## WHAT THE EXERCISE ASKS:
Only one portion of the data is to be written out: from the line bearing "- Distance7: distance" through the line bearing "- Distance8: distance". Write it exactly as it appears.

DATASET ENTRIES Start Marker

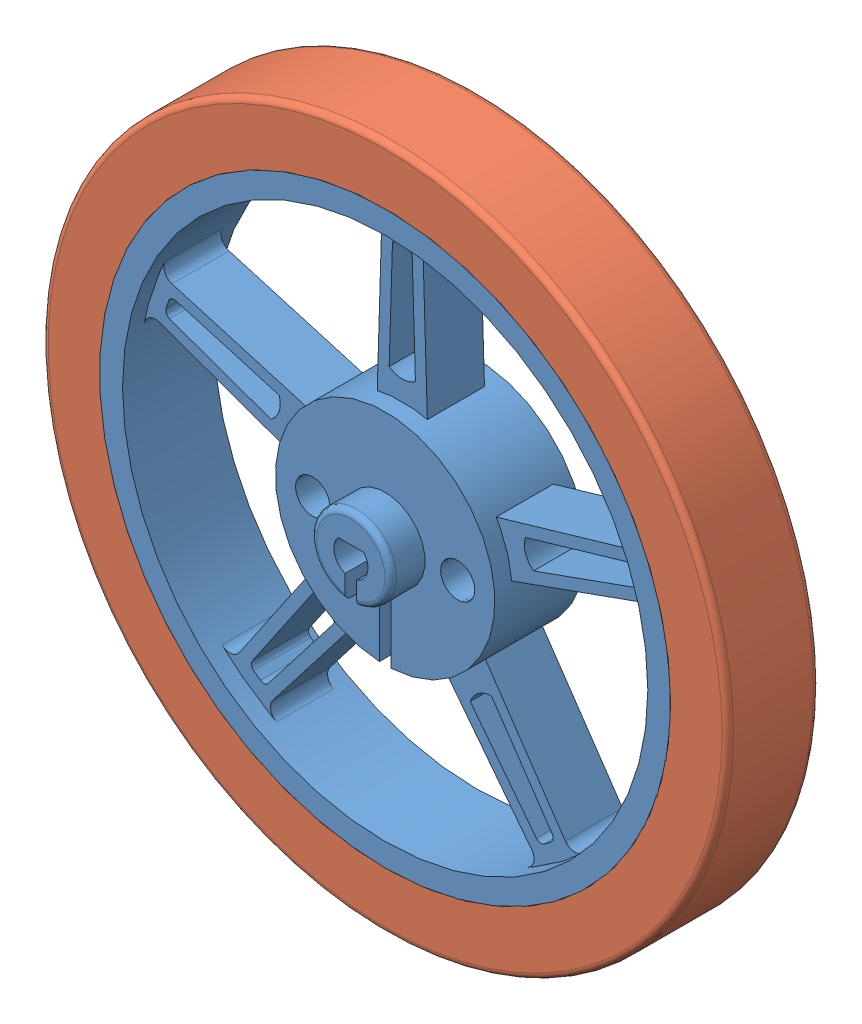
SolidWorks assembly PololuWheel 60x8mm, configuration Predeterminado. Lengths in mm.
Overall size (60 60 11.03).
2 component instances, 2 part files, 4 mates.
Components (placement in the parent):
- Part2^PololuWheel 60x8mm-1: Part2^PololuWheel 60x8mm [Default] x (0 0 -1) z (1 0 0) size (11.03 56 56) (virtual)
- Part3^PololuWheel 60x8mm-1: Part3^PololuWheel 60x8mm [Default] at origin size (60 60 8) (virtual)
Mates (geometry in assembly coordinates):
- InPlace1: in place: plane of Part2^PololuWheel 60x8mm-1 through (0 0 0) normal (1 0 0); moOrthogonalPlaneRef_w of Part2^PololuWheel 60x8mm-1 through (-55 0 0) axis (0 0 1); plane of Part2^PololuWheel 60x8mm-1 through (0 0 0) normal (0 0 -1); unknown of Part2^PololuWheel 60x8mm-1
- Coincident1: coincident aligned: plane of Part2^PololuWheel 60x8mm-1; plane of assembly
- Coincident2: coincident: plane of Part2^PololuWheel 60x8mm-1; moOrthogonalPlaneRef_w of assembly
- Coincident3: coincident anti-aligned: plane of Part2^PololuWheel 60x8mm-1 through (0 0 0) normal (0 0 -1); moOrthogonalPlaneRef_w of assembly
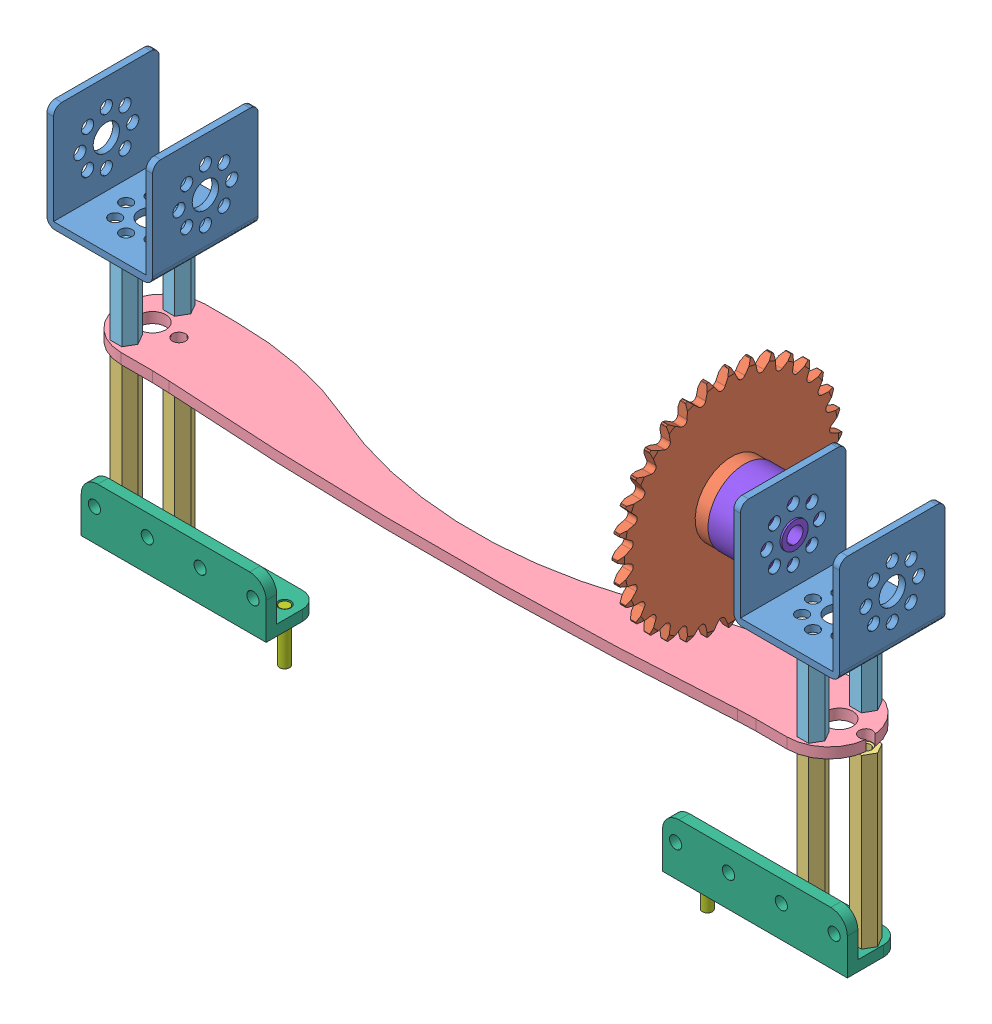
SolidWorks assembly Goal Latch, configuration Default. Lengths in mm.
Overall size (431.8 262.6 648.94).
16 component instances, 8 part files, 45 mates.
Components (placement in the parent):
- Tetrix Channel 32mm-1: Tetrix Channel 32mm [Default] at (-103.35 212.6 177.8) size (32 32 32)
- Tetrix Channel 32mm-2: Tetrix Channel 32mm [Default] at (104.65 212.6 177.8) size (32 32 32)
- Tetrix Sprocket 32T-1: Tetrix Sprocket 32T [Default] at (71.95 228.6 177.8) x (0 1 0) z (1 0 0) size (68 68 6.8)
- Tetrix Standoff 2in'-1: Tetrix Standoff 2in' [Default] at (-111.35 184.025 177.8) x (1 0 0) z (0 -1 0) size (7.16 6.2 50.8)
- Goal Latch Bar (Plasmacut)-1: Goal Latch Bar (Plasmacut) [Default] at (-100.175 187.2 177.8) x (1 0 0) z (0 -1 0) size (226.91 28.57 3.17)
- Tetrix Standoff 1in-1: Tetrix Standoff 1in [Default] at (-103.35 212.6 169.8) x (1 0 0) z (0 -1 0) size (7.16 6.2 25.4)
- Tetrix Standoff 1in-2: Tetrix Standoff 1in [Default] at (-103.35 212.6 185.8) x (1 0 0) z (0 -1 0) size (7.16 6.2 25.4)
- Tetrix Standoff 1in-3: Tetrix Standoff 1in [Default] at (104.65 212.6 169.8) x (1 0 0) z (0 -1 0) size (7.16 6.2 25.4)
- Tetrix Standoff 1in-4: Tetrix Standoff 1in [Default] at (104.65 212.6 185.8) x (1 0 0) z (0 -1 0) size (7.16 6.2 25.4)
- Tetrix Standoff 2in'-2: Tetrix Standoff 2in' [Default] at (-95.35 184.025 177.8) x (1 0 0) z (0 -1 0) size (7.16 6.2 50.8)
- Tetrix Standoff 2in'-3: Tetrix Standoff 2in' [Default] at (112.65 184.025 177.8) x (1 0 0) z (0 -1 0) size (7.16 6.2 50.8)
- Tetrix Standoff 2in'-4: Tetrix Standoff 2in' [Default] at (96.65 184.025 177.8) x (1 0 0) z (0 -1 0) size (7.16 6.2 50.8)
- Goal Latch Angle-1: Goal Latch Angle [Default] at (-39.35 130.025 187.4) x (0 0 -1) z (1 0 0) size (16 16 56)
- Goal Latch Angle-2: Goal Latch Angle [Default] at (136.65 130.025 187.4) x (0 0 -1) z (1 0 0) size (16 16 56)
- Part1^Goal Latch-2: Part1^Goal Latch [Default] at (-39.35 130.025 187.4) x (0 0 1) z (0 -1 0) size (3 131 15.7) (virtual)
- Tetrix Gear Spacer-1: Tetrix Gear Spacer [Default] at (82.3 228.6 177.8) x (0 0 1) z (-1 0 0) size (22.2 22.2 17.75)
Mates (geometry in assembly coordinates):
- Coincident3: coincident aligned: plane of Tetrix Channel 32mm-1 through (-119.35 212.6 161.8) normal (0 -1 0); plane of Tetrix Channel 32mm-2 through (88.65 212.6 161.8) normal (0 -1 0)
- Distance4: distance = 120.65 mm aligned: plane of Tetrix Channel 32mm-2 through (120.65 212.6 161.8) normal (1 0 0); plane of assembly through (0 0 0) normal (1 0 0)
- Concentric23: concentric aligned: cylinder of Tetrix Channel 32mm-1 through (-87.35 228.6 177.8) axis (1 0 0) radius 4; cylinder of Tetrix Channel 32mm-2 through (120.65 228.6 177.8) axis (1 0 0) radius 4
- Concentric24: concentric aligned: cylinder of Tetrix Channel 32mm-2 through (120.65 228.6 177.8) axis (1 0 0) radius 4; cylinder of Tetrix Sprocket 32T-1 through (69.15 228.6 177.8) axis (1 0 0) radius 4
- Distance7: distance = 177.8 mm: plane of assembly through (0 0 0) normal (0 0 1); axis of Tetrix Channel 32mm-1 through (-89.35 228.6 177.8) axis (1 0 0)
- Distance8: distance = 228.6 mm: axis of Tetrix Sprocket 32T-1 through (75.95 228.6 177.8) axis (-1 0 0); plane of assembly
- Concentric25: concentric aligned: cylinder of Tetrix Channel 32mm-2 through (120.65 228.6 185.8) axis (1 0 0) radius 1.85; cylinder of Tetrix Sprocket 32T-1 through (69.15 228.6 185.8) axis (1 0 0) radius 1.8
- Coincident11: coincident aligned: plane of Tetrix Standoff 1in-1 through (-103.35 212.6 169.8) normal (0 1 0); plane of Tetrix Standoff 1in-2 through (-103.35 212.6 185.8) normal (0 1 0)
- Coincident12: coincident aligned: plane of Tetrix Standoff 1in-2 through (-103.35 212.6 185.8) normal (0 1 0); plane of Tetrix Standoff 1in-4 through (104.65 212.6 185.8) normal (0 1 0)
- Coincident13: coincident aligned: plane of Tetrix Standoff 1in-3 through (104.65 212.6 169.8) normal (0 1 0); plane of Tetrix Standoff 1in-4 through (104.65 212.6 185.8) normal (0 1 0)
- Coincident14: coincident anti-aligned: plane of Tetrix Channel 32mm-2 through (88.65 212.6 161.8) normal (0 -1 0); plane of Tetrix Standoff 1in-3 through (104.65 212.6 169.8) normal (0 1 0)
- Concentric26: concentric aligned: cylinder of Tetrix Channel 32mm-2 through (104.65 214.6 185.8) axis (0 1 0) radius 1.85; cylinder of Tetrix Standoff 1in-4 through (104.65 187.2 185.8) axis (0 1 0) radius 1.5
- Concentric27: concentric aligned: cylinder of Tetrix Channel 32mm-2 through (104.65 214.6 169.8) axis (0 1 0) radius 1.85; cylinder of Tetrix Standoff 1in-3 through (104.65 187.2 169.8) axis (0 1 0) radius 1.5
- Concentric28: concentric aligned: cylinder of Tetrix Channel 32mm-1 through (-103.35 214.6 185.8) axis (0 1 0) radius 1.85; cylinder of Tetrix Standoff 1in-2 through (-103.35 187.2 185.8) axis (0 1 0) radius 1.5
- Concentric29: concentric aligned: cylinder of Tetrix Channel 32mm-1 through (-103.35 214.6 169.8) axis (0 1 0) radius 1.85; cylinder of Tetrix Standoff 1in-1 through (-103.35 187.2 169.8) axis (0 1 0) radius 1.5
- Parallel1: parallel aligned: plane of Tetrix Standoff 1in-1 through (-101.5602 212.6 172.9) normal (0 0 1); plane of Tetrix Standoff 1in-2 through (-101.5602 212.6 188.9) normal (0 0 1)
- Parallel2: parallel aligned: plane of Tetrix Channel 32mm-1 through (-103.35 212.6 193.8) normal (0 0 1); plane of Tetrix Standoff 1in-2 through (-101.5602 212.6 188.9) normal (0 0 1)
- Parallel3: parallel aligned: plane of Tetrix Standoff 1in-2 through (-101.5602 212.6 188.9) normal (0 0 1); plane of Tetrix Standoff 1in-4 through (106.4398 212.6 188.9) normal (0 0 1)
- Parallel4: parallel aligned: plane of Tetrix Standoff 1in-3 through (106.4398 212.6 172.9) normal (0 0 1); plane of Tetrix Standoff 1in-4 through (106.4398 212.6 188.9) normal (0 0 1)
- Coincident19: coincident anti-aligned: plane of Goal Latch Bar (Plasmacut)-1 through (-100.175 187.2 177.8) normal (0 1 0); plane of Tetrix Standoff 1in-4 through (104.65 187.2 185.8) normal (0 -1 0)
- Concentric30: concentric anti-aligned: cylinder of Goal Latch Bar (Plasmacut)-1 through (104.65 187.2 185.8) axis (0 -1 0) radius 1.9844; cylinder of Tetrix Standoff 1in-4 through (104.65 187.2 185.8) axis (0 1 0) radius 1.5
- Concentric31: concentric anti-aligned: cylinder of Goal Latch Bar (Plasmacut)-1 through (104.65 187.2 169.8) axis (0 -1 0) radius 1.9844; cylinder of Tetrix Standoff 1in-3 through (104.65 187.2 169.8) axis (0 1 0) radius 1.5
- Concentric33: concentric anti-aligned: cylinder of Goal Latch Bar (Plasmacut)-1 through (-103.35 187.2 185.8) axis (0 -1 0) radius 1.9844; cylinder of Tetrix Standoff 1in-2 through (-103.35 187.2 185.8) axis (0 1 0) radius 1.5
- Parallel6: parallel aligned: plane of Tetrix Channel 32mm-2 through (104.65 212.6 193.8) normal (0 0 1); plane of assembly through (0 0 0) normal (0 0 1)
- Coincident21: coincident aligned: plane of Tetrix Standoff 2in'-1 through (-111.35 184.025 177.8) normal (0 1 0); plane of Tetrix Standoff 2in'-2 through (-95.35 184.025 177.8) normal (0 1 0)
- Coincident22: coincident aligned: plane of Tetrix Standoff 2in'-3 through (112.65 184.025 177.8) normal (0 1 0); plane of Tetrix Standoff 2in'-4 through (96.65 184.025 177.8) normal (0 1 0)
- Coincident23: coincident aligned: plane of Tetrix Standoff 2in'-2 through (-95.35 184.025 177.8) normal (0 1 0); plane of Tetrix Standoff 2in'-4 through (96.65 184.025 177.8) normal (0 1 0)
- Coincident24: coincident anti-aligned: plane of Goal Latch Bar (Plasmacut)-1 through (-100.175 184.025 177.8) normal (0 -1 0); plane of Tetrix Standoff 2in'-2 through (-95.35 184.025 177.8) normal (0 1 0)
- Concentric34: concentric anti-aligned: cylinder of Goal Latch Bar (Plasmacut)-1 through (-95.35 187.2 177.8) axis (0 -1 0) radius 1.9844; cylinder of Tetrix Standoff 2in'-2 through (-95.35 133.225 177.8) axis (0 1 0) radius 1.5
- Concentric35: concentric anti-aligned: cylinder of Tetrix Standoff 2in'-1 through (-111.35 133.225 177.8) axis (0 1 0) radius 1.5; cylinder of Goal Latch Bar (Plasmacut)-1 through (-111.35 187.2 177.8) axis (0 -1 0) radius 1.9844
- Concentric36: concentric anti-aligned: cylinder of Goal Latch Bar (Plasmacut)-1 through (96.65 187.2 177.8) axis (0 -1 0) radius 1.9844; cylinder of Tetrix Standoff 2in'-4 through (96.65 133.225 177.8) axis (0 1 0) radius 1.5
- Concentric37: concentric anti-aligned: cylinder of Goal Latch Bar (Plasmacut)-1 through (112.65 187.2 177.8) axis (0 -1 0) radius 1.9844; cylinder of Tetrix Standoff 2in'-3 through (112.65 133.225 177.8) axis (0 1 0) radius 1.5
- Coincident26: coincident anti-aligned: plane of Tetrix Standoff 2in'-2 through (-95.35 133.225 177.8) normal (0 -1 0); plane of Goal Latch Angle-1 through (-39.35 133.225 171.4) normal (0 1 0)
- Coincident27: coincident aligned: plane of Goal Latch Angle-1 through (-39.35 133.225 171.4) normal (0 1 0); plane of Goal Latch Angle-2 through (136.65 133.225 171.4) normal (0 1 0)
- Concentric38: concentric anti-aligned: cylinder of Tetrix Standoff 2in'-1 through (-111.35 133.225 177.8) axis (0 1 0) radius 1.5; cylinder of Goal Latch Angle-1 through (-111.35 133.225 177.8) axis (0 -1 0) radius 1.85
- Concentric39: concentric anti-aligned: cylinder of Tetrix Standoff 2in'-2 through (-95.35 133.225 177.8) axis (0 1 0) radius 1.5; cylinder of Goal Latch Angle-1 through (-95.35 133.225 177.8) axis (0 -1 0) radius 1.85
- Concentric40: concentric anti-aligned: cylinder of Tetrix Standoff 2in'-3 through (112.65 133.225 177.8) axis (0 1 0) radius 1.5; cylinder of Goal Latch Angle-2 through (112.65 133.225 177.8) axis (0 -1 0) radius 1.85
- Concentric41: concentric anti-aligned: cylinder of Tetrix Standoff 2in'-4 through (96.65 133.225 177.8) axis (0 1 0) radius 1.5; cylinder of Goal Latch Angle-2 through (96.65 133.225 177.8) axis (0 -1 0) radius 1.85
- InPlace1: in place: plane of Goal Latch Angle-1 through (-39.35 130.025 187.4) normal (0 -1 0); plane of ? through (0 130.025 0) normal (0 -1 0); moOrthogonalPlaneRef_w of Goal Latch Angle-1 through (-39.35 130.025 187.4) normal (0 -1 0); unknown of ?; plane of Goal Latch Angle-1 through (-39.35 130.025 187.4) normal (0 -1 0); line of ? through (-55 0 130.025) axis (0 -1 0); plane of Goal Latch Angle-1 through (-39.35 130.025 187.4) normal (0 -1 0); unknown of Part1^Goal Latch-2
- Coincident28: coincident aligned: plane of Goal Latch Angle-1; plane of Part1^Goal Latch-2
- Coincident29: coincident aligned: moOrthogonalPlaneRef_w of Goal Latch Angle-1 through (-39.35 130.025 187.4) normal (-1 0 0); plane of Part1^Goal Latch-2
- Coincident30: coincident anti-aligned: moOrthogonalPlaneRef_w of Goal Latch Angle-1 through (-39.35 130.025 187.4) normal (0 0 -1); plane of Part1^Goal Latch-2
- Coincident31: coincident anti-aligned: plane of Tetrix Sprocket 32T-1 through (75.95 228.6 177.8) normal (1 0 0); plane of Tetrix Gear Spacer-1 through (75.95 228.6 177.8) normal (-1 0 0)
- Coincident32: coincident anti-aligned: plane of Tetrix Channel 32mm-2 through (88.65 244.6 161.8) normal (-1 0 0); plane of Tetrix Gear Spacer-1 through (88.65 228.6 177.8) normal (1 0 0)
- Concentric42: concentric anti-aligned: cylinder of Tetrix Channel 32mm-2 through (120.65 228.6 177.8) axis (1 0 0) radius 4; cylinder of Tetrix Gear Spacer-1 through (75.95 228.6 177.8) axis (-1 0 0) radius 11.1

DATASET ENTRIES End Marker

## SOLUTION FOR THIS TASK:
- Distance7: distance = 177.8 mm: plane of assembly through (0 0 0) normal (0 0 1); axis of Tetrix Channel 32mm-1 through (-89.35 228.6 177.8) axis (1 0 0)
- Distance8: distance = 228.6 mm: axis of Tetrix Sprocket 32T-1 through (75.95 228.6 177.8) axis (-1 0 0); plane of assembly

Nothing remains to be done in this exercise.